W sobotę 16 maja około godz. 7.50 padające ścięte drzewo usłyszał Leszek Brychcy. - Wyszedłem i zacząłem filmować. Wtedy panowie od wycinki zaczęli straszyć mnie wezwaniem policji - opowiada mieszkaniec osiedla. Upadła piękna lipa, potem zaczęli ciąć klon. Mieszkańcy os. Braniborskiego zobaczyli biało-czerwoną taśmę okalającą park przy obserwatorium astronomicznym w najwyższym punkcie miasta. - Razem z drzewami zniszczono domy ptaków i jajka w ich gniazdach - mówią zdenerwowani mieszkańcy os. Braniborskiego. To co się stało, nazywają barbarzyństwem. Runęła przecież 150-letnia zdrowa lipa.

Zaniepokojeni ludzie ruszyli bronić terenu. Wezwali policję.

Przeganiała ich Barbara Krawczyk architekt krajobrazu reprezentująca inwestora. Naszemu dziennikarzowi nie chciała pokazać dokumentów zezwalających na wycinkę. Mówiła, że to prywatny teren i chciała aby mieszkańcy go opuścili. Ci byli nieugięci.

Na miejsce została wezwana policja. Bardzo szybko pojawiło się kilka patroli. Osoba ze strony inwestora mówiła, że ma dokumenty zezwalające na wycinkę drzew. Radni miejscy się jednak temu dziwili. - My nic o tym nie wiemy - mówi radny PiS Jacek Budziński. Oburzona zdarzeniem jest radna Bożena Ronowicz. Wycinkę zdrowych drzew blokował radny Robert Górski z klubu Zielona Razem, Tomasz Nesterowicz radny SLD oraz radny Kazimierz Łatwiński. Wszyscy wspólnie stanęli za ludźmi.

Ludzie są oburzeni i zdegustowani postępowaniem władz miasta. - Gdy się wycina zdrowe drzewa w okresie lęgowym, kiedy jest tam mnóstwo gniazd, jaj i małych ptaków, to jest zbrodnia - mówi Roman Pluciński. Dodaje, że wycinkę reguluje druga dyrektywa Unii Europejskiej, która wyraźnie określa kiedy drzew nie wolno wycinać. - I to bez względu do kogo należy ziemia - dodaje R. Pluciński.

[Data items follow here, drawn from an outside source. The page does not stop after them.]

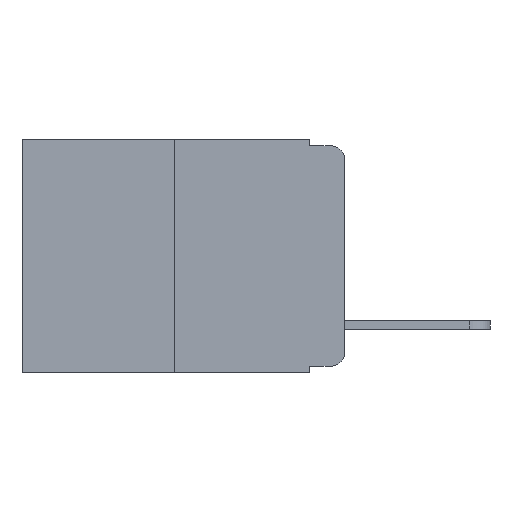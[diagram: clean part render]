
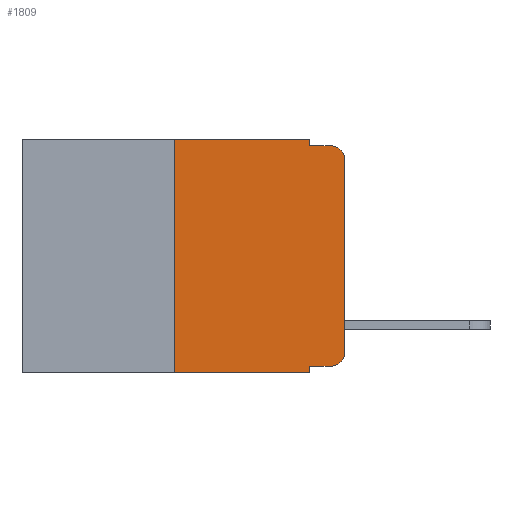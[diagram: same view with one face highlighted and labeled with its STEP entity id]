
A CAD part, left-side view. The second image highlights one B-rep face of the part: STEP entity #1809.
In plain terms, the highlighted planar face has unit normal (-1, 0, 0).
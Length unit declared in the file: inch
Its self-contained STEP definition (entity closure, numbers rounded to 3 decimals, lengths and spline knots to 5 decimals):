
#486 = CARTESIAN_POINT ( 'NONE',  ( 0., 0.473, -0.343 ) ) ;
#580 = EDGE_CURVE ( 'NONE', #21003, #2451, #17313, .T. ) ;
#989 = CIRCLE ( 'NONE', #13064, 0.02 ) ;
#1265 = CARTESIAN_POINT ( 'NONE',  ( 0., 0.051, -0.333 ) ) ;
#1809 = ADVANCED_FACE ( 'NONE', ( #10957 ), #6317, .F. ) ;
#1901 = DIRECTION ( 'NONE',  ( -1., 0., 0. ) ) ;
#1930 = VECTOR ( 'NONE', #8302, 39.37008 ) ;
#2451 = VERTEX_POINT ( 'NONE', #13746 ) ;
#2750 = LINE ( 'NONE', #20294, #16835 ) ;
#2959 = CARTESIAN_POINT ( 'NONE',  ( 0., 0.02, -0.01 ) ) ;
#3001 = ORIENTED_EDGE ( 'NONE', *, *, #580, .T. ) ;
#3194 = EDGE_CURVE ( 'NONE', #21003, #6674, #13453, .T. ) ;
#4026 = EDGE_CURVE ( 'NONE', #20889, #5630, #20248, .T. ) ;
#4133 = DIRECTION ( 'NONE',  ( 0., 0., 1. ) ) ;
#4152 = ORIENTED_EDGE ( 'NONE', *, *, #10031, .T. ) ;
#5017 = CARTESIAN_POINT ( 'NONE',  ( 0., 0.25, 0. ) ) ;
#5087 = CARTESIAN_POINT ( 'NONE',  ( 0., 0.051, 0. ) ) ;
#5175 = EDGE_CURVE ( 'NONE', #22670, #24399, #7817, .T. ) ;
#5408 = DIRECTION ( 'NONE',  ( 0., 0., -1. ) ) ;
#5630 = VERTEX_POINT ( 'NONE', #20311 ) ;
#6300 = EDGE_CURVE ( 'NONE', #12718, #20074, #11615, .T. ) ;
#6317 = PLANE ( 'NONE',  #23212 ) ;
#6674 = VERTEX_POINT ( 'NONE', #12493 ) ;
#6923 = CARTESIAN_POINT ( 'NONE',  ( 0., 0.051, -0.333 ) ) ;
#7449 = ORIENTED_EDGE ( 'NONE', *, *, #14588, .T. ) ;
#7594 = CARTESIAN_POINT ( 'NONE',  ( 0., 0.051, 0. ) ) ;
#7817 = LINE ( 'NONE', #9781, #16504 ) ;
#8302 = DIRECTION ( 'NONE',  ( 0., -1., 0. ) ) ;
#8408 = DIRECTION ( 'NONE',  ( 0., 0., -1. ) ) ;
#8541 = ORIENTED_EDGE ( 'NONE', *, *, #3194, .F. ) ;
#8566 = CARTESIAN_POINT ( 'NONE',  ( 0., 0.25, -0.343 ) ) ;
#9387 = EDGE_CURVE ( 'NONE', #12718, #6674, #13906, .T. ) ;
#9781 = CARTESIAN_POINT ( 'NONE',  ( 0., 0., 0. ) ) ;
#10031 = EDGE_CURVE ( 'NONE', #2451, #22670, #989, .T. ) ;
#10433 = VECTOR ( 'NONE', #14526, 39.37008 ) ;
#10459 = VECTOR ( 'NONE', #15786, 39.37008 ) ;
#10957 = FACE_OUTER_BOUND ( 'NONE', #19966, .T. ) ;
#11615 = LINE ( 'NONE', #5017, #10433 ) ;
#11659 = ORIENTED_EDGE ( 'NONE', *, *, #24048, .F. ) ;
#12493 = CARTESIAN_POINT ( 'NONE',  ( 0., 0.051, -0.343 ) ) ;
#12718 = VERTEX_POINT ( 'NONE', #8566 ) ;
#12847 = CARTESIAN_POINT ( 'NONE',  ( 0., 0., -0.03 ) ) ;
#13064 = AXIS2_PLACEMENT_3D ( 'NONE', #24632, #1901, #15391 ) ;
#13318 = CARTESIAN_POINT ( 'NONE',  ( 0., 0.051, 0. ) ) ;
#13453 = LINE ( 'NONE', #7594, #10459 ) ;
#13746 = CARTESIAN_POINT ( 'NONE',  ( 0., 0.02, -0.333 ) ) ;
#13906 = LINE ( 'NONE', #486, #1930 ) ;
#14090 = LINE ( 'NONE', #24271, #15326 ) ;
#14516 = CARTESIAN_POINT ( 'NONE',  ( 0., 0.02, -0.03 ) ) ;
#14526 = DIRECTION ( 'NONE',  ( 0., 0., 1. ) ) ;
#14588 = EDGE_CURVE ( 'NONE', #24399, #14784, #16913, .T. ) ;
#14696 = DIRECTION ( 'NONE',  ( 0., 0., -1. ) ) ;
#14783 = DIRECTION ( 'NONE',  ( 0., -1., 0. ) ) ;
#14784 = VERTEX_POINT ( 'NONE', #2959 ) ;
#15326 = VECTOR ( 'NONE', #14783, 39.37008 ) ;
#15391 = DIRECTION ( 'NONE',  ( 0., 0., -1. ) ) ;
#15745 = CARTESIAN_POINT ( 'NONE',  ( 0., 0.25, 0. ) ) ;
#15786 = DIRECTION ( 'NONE',  ( 0., 0., -1. ) ) ;
#16103 = EDGE_CURVE ( 'NONE', #20074, #20889, #14090, .T. ) ;
#16461 = DIRECTION ( 'NONE',  ( -1., 0., 0. ) ) ;
#16504 = VECTOR ( 'NONE', #4133, 39.37008 ) ;
#16835 = VECTOR ( 'NONE', #18547, 39.37008 ) ;
#16913 = CIRCLE ( 'NONE', #23161, 0.02 ) ;
#17313 = LINE ( 'NONE', #1265, #17610 ) ;
#17610 = VECTOR ( 'NONE', #23522, 39.37008 ) ;
#18547 = DIRECTION ( 'NONE',  ( 0., -1., 0. ) ) ;
#18936 = ORIENTED_EDGE ( 'NONE', *, *, #6300, .F. ) ;
#19359 = VECTOR ( 'NONE', #5408, 39.37008 ) ;
#19587 = CARTESIAN_POINT ( 'NONE',  ( 0., 0.473, 0. ) ) ;
#19649 = ORIENTED_EDGE ( 'NONE', *, *, #9387, .T. ) ;
#19840 = DIRECTION ( 'NONE',  ( 1., 0., 0. ) ) ;
#19947 = ORIENTED_EDGE ( 'NONE', *, *, #4026, .F. ) ;
#19966 = EDGE_LOOP ( 'NONE', ( #24174, #7449, #11659, #19947, #20899, #18936, #19649, #8541, #3001, #4152 ) ) ;
#20074 = VERTEX_POINT ( 'NONE', #15745 ) ;
#20248 = LINE ( 'NONE', #13318, #19359 ) ;
#20294 = CARTESIAN_POINT ( 'NONE',  ( 0., 0.051, -0.01 ) ) ;
#20311 = CARTESIAN_POINT ( 'NONE',  ( 0., 0.051, -0.01 ) ) ;
#20889 = VERTEX_POINT ( 'NONE', #5087 ) ;
#20899 = ORIENTED_EDGE ( 'NONE', *, *, #16103, .F. ) ;
#21003 = VERTEX_POINT ( 'NONE', #6923 ) ;
#21914 = CARTESIAN_POINT ( 'NONE',  ( 0., 0., -0.313 ) ) ;
#22670 = VERTEX_POINT ( 'NONE', #21914 ) ;
#23161 = AXIS2_PLACEMENT_3D ( 'NONE', #14516, #16461, #14696 ) ;
#23212 = AXIS2_PLACEMENT_3D ( 'NONE', #19587, #19840, #8408 ) ;
#23522 = DIRECTION ( 'NONE',  ( 0., -1., 0. ) ) ;
#24048 = EDGE_CURVE ( 'NONE', #5630, #14784, #2750, .T. ) ;
#24174 = ORIENTED_EDGE ( 'NONE', *, *, #5175, .T. ) ;
#24271 = CARTESIAN_POINT ( 'NONE',  ( 0., 0.473, 0. ) ) ;
#24399 = VERTEX_POINT ( 'NONE', #12847 ) ;
#24632 = CARTESIAN_POINT ( 'NONE',  ( 0., 0.02, -0.313 ) ) ;

Ludziom szkoda parku. - To jedyna enklawa zieleni w okolicy. Rano i wieczorem ptaki pięknie śpiewają - opowiada Lucyna Brychcy. - To nie do pomyślenia, że w miejscu pięknego starego parku wyrośnie betonowy blok - oburza się Teresa Ganecka.

Bożena Chalimoniuk mówi, że park powinien zostać zagospodarowany dla ludzi. - Ławeczki, na których można posiedzieć, ładne alejki, a nie okropny betonowy blok. Tylko, że o ludziach się w mieście nie myśli - mówi mieszkanka osiedla.

J. Budziński: Policja przygotowała dokumentację fotograficzną ewentualnego przestępstwa.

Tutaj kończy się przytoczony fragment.